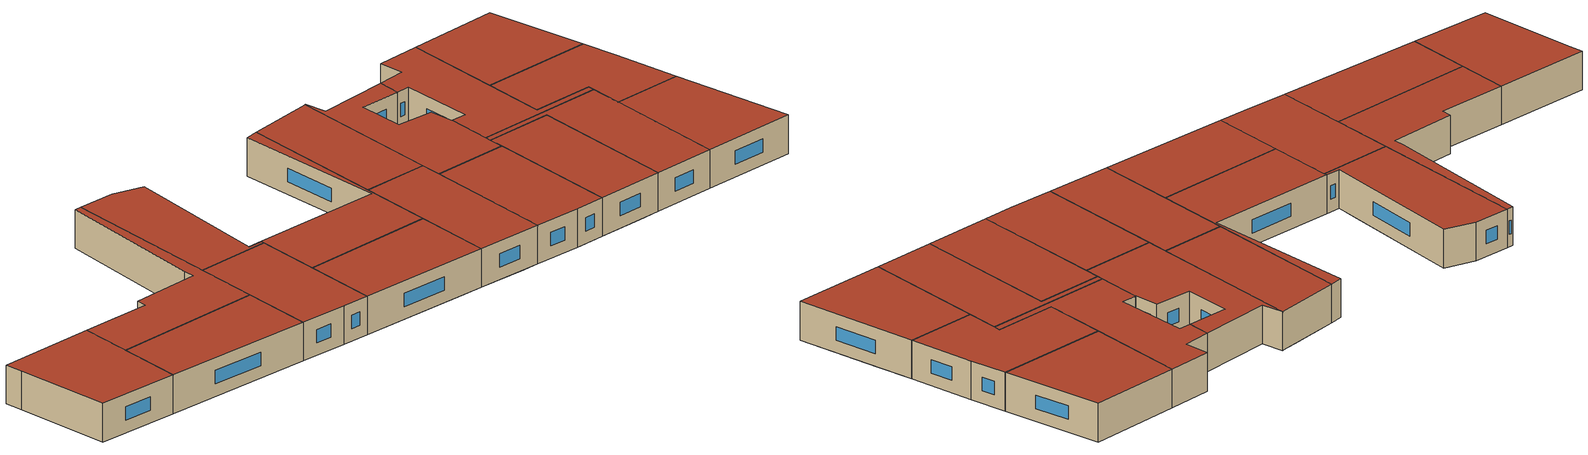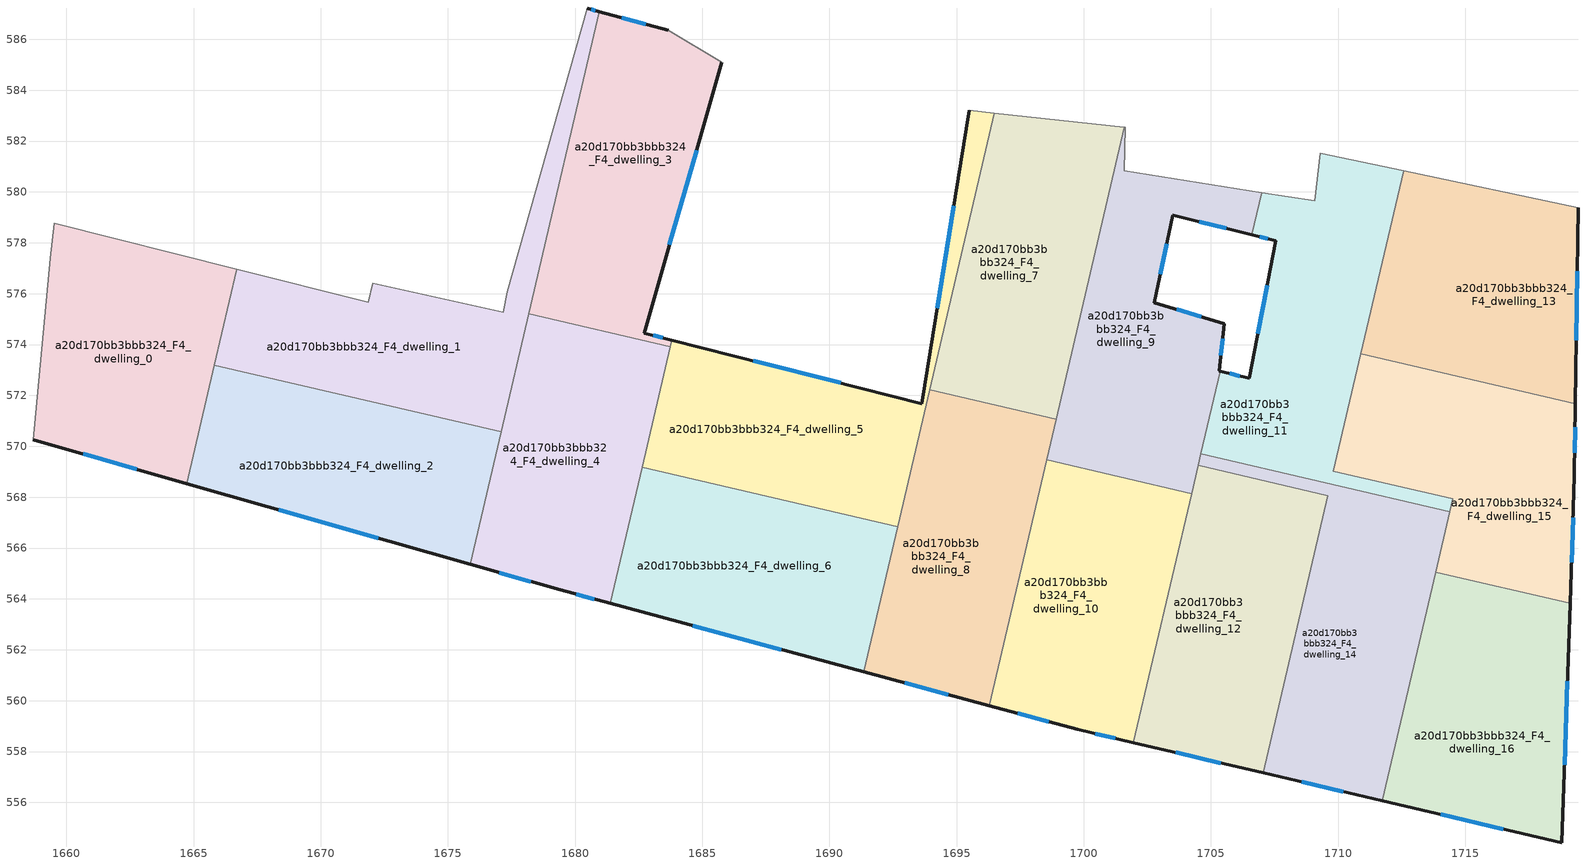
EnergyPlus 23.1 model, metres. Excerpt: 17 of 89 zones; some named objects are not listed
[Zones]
a20d170bb3bbb324_F4_dwelling_0
 floor to a20d170bb3bbb324_F3_dwelling_0 (EU_floor_Construction): 1666.34,577.06 1664.37,568.64 1658.69,570.26 1659.37,577.39 1659.52,578.77 z12
 floor to a20d170bb3bbb324_F3_dwelling_2 (EU_floor_Construction): 1665.77,572.96 1664.74,568.54 1664.37,568.64 1665.4,573.05 z12
 floor to a20d170bb3bbb324_F3_dwelling_1 (EU_floor_Construction): 1666.7,576.96 1665.77,572.96 1665.4,573.05 1666.34,577.06 z12
 wall outside (EU_wall_Construction): 1658.69,570.26 1664.74,568.54 z12:15
 wall adiabatic (EU_wall_Construction): 1666.7,576.96 1659.52,578.77 1659.37,577.39 1658.69,570.26 z12:15
 wall to a20d170bb3bbb324_F4_dwelling_2 (EU_wall_Construction): 1664.74,568.54 1665.82,573.19 z12:15
 wall to a20d170bb3bbb324_F4_dwelling_1 (EU_wall_Construction): 1665.82,573.19 1666.7,576.96 z12:15
 window (EU_Window_Construction): 1660.66,569.7 1662.77,569.1 z12.98:14.02
 roof outside (EU_roof_Construction): 1664.74,568.54 1666.7,576.96 1659.52,578.77 1659.37,577.39 1658.69,570.26 z15
a20d170bb3bbb324_F4_dwelling_1
 floor to a20d170bb3bbb324_F3_dwelling_1 (EU_floor_Construction): 1678.59,576.95 1678.39,576.1 1677.96,576.2 1676.67,570.66 1665.82,573.19 1666.7,576.96 1671.88,575.66 1672.04,576.4 1677.18,575.26 1677.33,576.08 1677.64,577.16 z12
 floor to a20d170bb3bbb324_F3_dwelling_3 (EU_floor_Construction): 1680.95,587.08 1678.59,576.95 1677.64,577.16 1680.47,587.22 z12
 floor to a20d170bb3bbb324_F3_dwelling_4 (EU_floor_Construction): 1678.39,576.1 1677.09,570.56 1676.67,570.66 1677.96,576.2 z12
 wall outside (EU_wall_Construction): 1680.95,587.08 1680.47,587.22 z12:15
 wall adiabatic (EU_wall_Construction): 1680.47,587.22 1677.33,576.08 1677.18,575.26 1672.04,576.4 1671.88,575.66 1666.7,576.96 z12:15
 wall to a20d170bb3bbb324_F4_dwelling_2 (EU_wall_Construction): 1665.82,573.19 1677.09,570.56 z12:15
 wall to a20d170bb3bbb324_F4_dwelling_3 (EU_wall_Construction): 1678.18,575.21 1680.95,587.08 z12:15
 wall to a20d170bb3bbb324_F4_dwelling_4 (EU_wall_Construction): 1677.09,570.56 1678.18,575.21 z12:15
 window (EU_Window_Construction): 1680.8,587.13 1680.63,587.17 z12.98:14.02
 roof outside (EU_roof_Construction): 1677.09,570.56 1680.95,587.08 1680.47,587.22 1677.33,576.08 1677.18,575.26 1672.04,576.4 1671.88,575.66 1666.7,576.96 1665.82,573.19 z15
a20d170bb3bbb324_F4_dwelling_10
 floor to a20d170bb3bbb324_F3_dwelling_10 (EU_floor_Construction): 1702.34,568.58 1700.05,558.79 1699.74,558.87 1696.28,559.8 1698.54,569.47 z12
 floor to a20d170bb3bbb324_F3_dwelling_12 (EU_floor_Construction): 1704.24,568.14 1701.95,558.35 1700.05,558.79 1702.34,568.58 z12
 wall outside (EU_wall_Construction): 1696.28,559.8 1699.74,558.87 1701.95,558.35 z12:15
 wall to a20d170bb3bbb324_F4_dwelling_9 (EU_wall_Construction): 1704.24,568.14 1698.54,569.47 z12:15
 wall to a20d170bb3bbb324_F4_dwelling_12 (EU_wall_Construction): 1701.95,558.35 1704.24,568.14 z12:15
 wall to a20d170bb3bbb324_F4_dwelling_8 (EU_wall_Construction): 1698.54,569.47 1696.28,559.8 z12:15
 window (EU_Window_Construction): 1700.46,558.7 1701.23,558.52 / 1697.41,559.5 1698.61,559.17 z12.98:14.02
 roof outside (EU_roof_Construction): 1701.95,558.35 1704.24,568.14 1698.54,569.47 1696.28,559.8 1699.74,558.87 z15
a20d170bb3bbb324_F4_dwelling_11
 floor outside (EU_floor_Construction): 1710.45,579.42 1708.12,569.4 1708,568.92 z12
 floor to a20d170bb3bbb324_F3_dwelling_11 (EU_floor_Construction): 1710.45,579.42 1708,568.92 1704.6,569.71 1705.36,572.96 1706.51,572.67 1707.54,578.09 1706.61,578.32 1707,579.97 1709.07,579.64 z12
 floor to a20d170bb3bbb324_F3_dwelling_13 (EU_floor_Construction): 1712.57,580.83 1709.81,569.02 1712.31,568.44 1712.19,567.94 1708.01,568.92 1708.12,569.4 1710.45,579.42 1709.07,579.64 1709.29,581.53 z12
 floor to a20d170bb3bbb324_F3_dwelling_16 (EU_floor_Construction): 1714.5,567.93 1714.38,567.43 1712.19,567.94 1712.31,568.44 z12
 wall outside (EU_wall_Construction): 1706.61,578.32 1707.54,578.09 1706.51,572.67 1705.36,572.96 z12:15
 wall to a20d170bb3bbb324_F4_dwelling_9 (EU_wall_Construction): 1707,579.97 1706.61,578.32 / 1705.36,572.96 1704.6,569.71 z12:15
 wall adiabatic (EU_wall_Construction): 1712.57,580.83 1709.29,581.53 1709.07,579.64 1707,579.97 z12:15
 wall to a20d170bb3bbb324_F4_dwelling_15 (EU_wall_Construction): 1714.38,567.43 1714.5,567.93 1709.81,569.02 1710.89,573.63 z12:15
 wall to a20d170bb3bbb324_F4_dwelling_14 (EU_wall_Construction): 1704.6,569.71 1714.38,567.43 z12:15
 wall to a20d170bb3bbb324_F4_dwelling_13 (EU_wall_Construction): 1710.89,573.63 1712.57,580.83 z12:15
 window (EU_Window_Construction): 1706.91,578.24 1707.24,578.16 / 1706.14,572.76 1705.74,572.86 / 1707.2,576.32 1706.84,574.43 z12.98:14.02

- [Task requirements] Retype the full listing above precisely. Exclude each picture you find in it.

- [Reply]
EnergyPlus 23.1 model, metres. Excerpt: 17 of 89 zones; some named objects are not listed
[Zones]
a20d170bb3bbb324_F4_dwelling_0
 floor to a20d170bb3bbb324_F3_dwelling_0 (EU_floor_Construction): 1666.34,577.06 1664.37,568.64 1658.69,570.26 1659.37,577.39 1659.52,578.77 z12
 floor to a20d170bb3bbb324_F3_dwelling_2 (EU_floor_Construction): 1665.77,572.96 1664.74,568.54 1664.37,568.64 1665.4,573.05 z12
 floor to a20d170bb3bbb324_F3_dwelling_1 (EU_floor_Construction): 1666.7,576.96 1665.77,572.96 1665.4,573.05 1666.34,577.06 z12
 wall outside (EU_wall_Construction): 1658.69,570.26 1664.74,568.54 z12:15
 wall adiabatic (EU_wall_Construction): 1666.7,576.96 1659.52,578.77 1659.37,577.39 1658.69,570.26 z12:15
 wall to a20d170bb3bbb324_F4_dwelling_2 (EU_wall_Construction): 1664.74,568.54 1665.82,573.19 z12:15
 wall to a20d170bb3bbb324_F4_dwelling_1 (EU_wall_Construction): 1665.82,573.19 1666.7,576.96 z12:15
 window (EU_Window_Construction): 1660.66,569.7 1662.77,569.1 z12.98:14.02
 roof outside (EU_roof_Construction): 1664.74,568.54 1666.7,576.96 1659.52,578.77 1659.37,577.39 1658.69,570.26 z15
a20d170bb3bbb324_F4_dwelling_1
 floor to a20d170bb3bbb324_F3_dwelling_1 (EU_floor_Construction): 1678.59,576.95 1678.39,576.1 1677.96,576.2 1676.67,570.66 1665.82,573.19 1666.7,576.96 1671.88,575.66 1672.04,576.4 1677.18,575.26 1677.33,576.08 1677.64,577.16 z12
 floor to a20d170bb3bbb324_F3_dwelling_3 (EU_floor_Construction): 1680.95,587.08 1678.59,576.95 1677.64,577.16 1680.47,587.22 z12
 floor to a20d170bb3bbb324_F3_dwelling_4 (EU_floor_Construction): 1678.39,576.1 1677.09,570.56 1676.67,570.66 1677.96,576.2 z12
 wall outside (EU_wall_Construction): 1680.95,587.08 1680.47,587.22 z12:15
 wall adiabatic (EU_wall_Construction): 1680.47,587.22 1677.33,576.08 1677.18,575.26 1672.04,576.4 1671.88,575.66 1666.7,576.96 z12:15
 wall to a20d170bb3bbb324_F4_dwelling_2 (EU_wall_Construction): 1665.82,573.19 1677.09,570.56 z12:15
 wall to a20d170bb3bbb324_F4_dwelling_3 (EU_wall_Construction): 1678.18,575.21 1680.95,587.08 z12:15
 wall to a20d170bb3bbb324_F4_dwelling_4 (EU_wall_Construction): 1677.09,570.56 1678.18,575.21 z12:15
 window (EU_Window_Construction): 1680.8,587.13 1680.63,587.17 z12.98:14.02
 roof outside (EU_roof_Construction): 1677.09,570.56 1680.95,587.08 1680.47,587.22 1677.33,576.08 1677.18,575.26 1672.04,576.4 1671.88,575.66 1666.7,576.96 1665.82,573.19 z15
a20d170bb3bbb324_F4_dwelling_10
 floor to a20d170bb3bbb324_F3_dwelling_10 (EU_floor_Construction): 1702.34,568.58 1700.05,558.79 1699.74,558.87 1696.28,559.8 1698.54,569.47 z12
 floor to a20d170bb3bbb324_F3_dwelling_12 (EU_floor_Construction): 1704.24,568.14 1701.95,558.35 1700.05,558.79 1702.34,568.58 z12
 wall outside (EU_wall_Construction): 1696.28,559.8 1699.74,558.87 1701.95,558.35 z12:15
 wall to a20d170bb3bbb324_F4_dwelling_9 (EU_wall_Construction): 1704.24,568.14 1698.54,569.47 z12:15
 wall to a20d170bb3bbb324_F4_dwelling_12 (EU_wall_Construction): 1701.95,558.35 1704.24,568.14 z12:15
 wall to a20d170bb3bbb324_F4_dwelling_8 (EU_wall_Construction): 1698.54,569.47 1696.28,559.8 z12:15
 window (EU_Window_Construction): 1700.46,558.7 1701.23,558.52 / 1697.41,559.5 1698.61,559.17 z12.98:14.02
 roof outside (EU_roof_Construction): 1701.95,558.35 1704.24,568.14 1698.54,569.47 1696.28,559.8 1699.74,558.87 z15
a20d170bb3bbb324_F4_dwelling_11
 floor outside (EU_floor_Construction): 1710.45,579.42 1708.12,569.4 1708,568.92 z12
 floor to a20d170bb3bbb324_F3_dwelling_11 (EU_floor_Construction): 1710.45,579.42 1708,568.92 1704.6,569.71 1705.36,572.96 1706.51,572.67 1707.54,578.09 1706.61,578.32 1707,579.97 1709.07,579.64 z12
 floor to a20d170bb3bbb324_F3_dwelling_13 (EU_floor_Construction): 1712.57,580.83 1709.81,569.02 1712.31,568.44 1712.19,567.94 1708.01,568.92 1708.12,569.4 1710.45,579.42 1709.07,579.64 1709.29,581.53 z12
 floor to a20d170bb3bbb324_F3_dwelling_16 (EU_floor_Construction): 1714.5,567.93 1714.38,567.43 1712.19,567.94 1712.31,568.44 z12
 wall outside (EU_wall_Construction): 1706.61,578.32 1707.54,578.09 1706.51,572.67 1705.36,572.96 z12:15
 wall to a20d170bb3bbb324_F4_dwelling_9 (EU_wall_Construction): 1707,579.97 1706.61,578.32 / 1705.36,572.96 1704.6,569.71 z12:15
 wall adiabatic (EU_wall_Construction): 1712.57,580.83 1709.29,581.53 1709.07,579.64 1707,579.97 z12:15
 wall to a20d170bb3bbb324_F4_dwelling_15 (EU_wall_Construction): 1714.38,567.43 1714.5,567.93 1709.81,569.02 1710.89,573.63 z12:15
 wall to a20d170bb3bbb324_F4_dwelling_14 (EU_wall_Construction): 1704.6,569.71 1714.38,567.43 z12:15
 wall to a20d170bb3bbb324_F4_dwelling_13 (EU_wall_Construction): 1710.89,573.63 1712.57,580.83 z12:15
 window (EU_Window_Construction): 1706.91,578.24 1707.24,578.16 / 1706.14,572.76 1705.74,572.86 / 1707.2,576.32 1706.84,574.43 z12.98:14.02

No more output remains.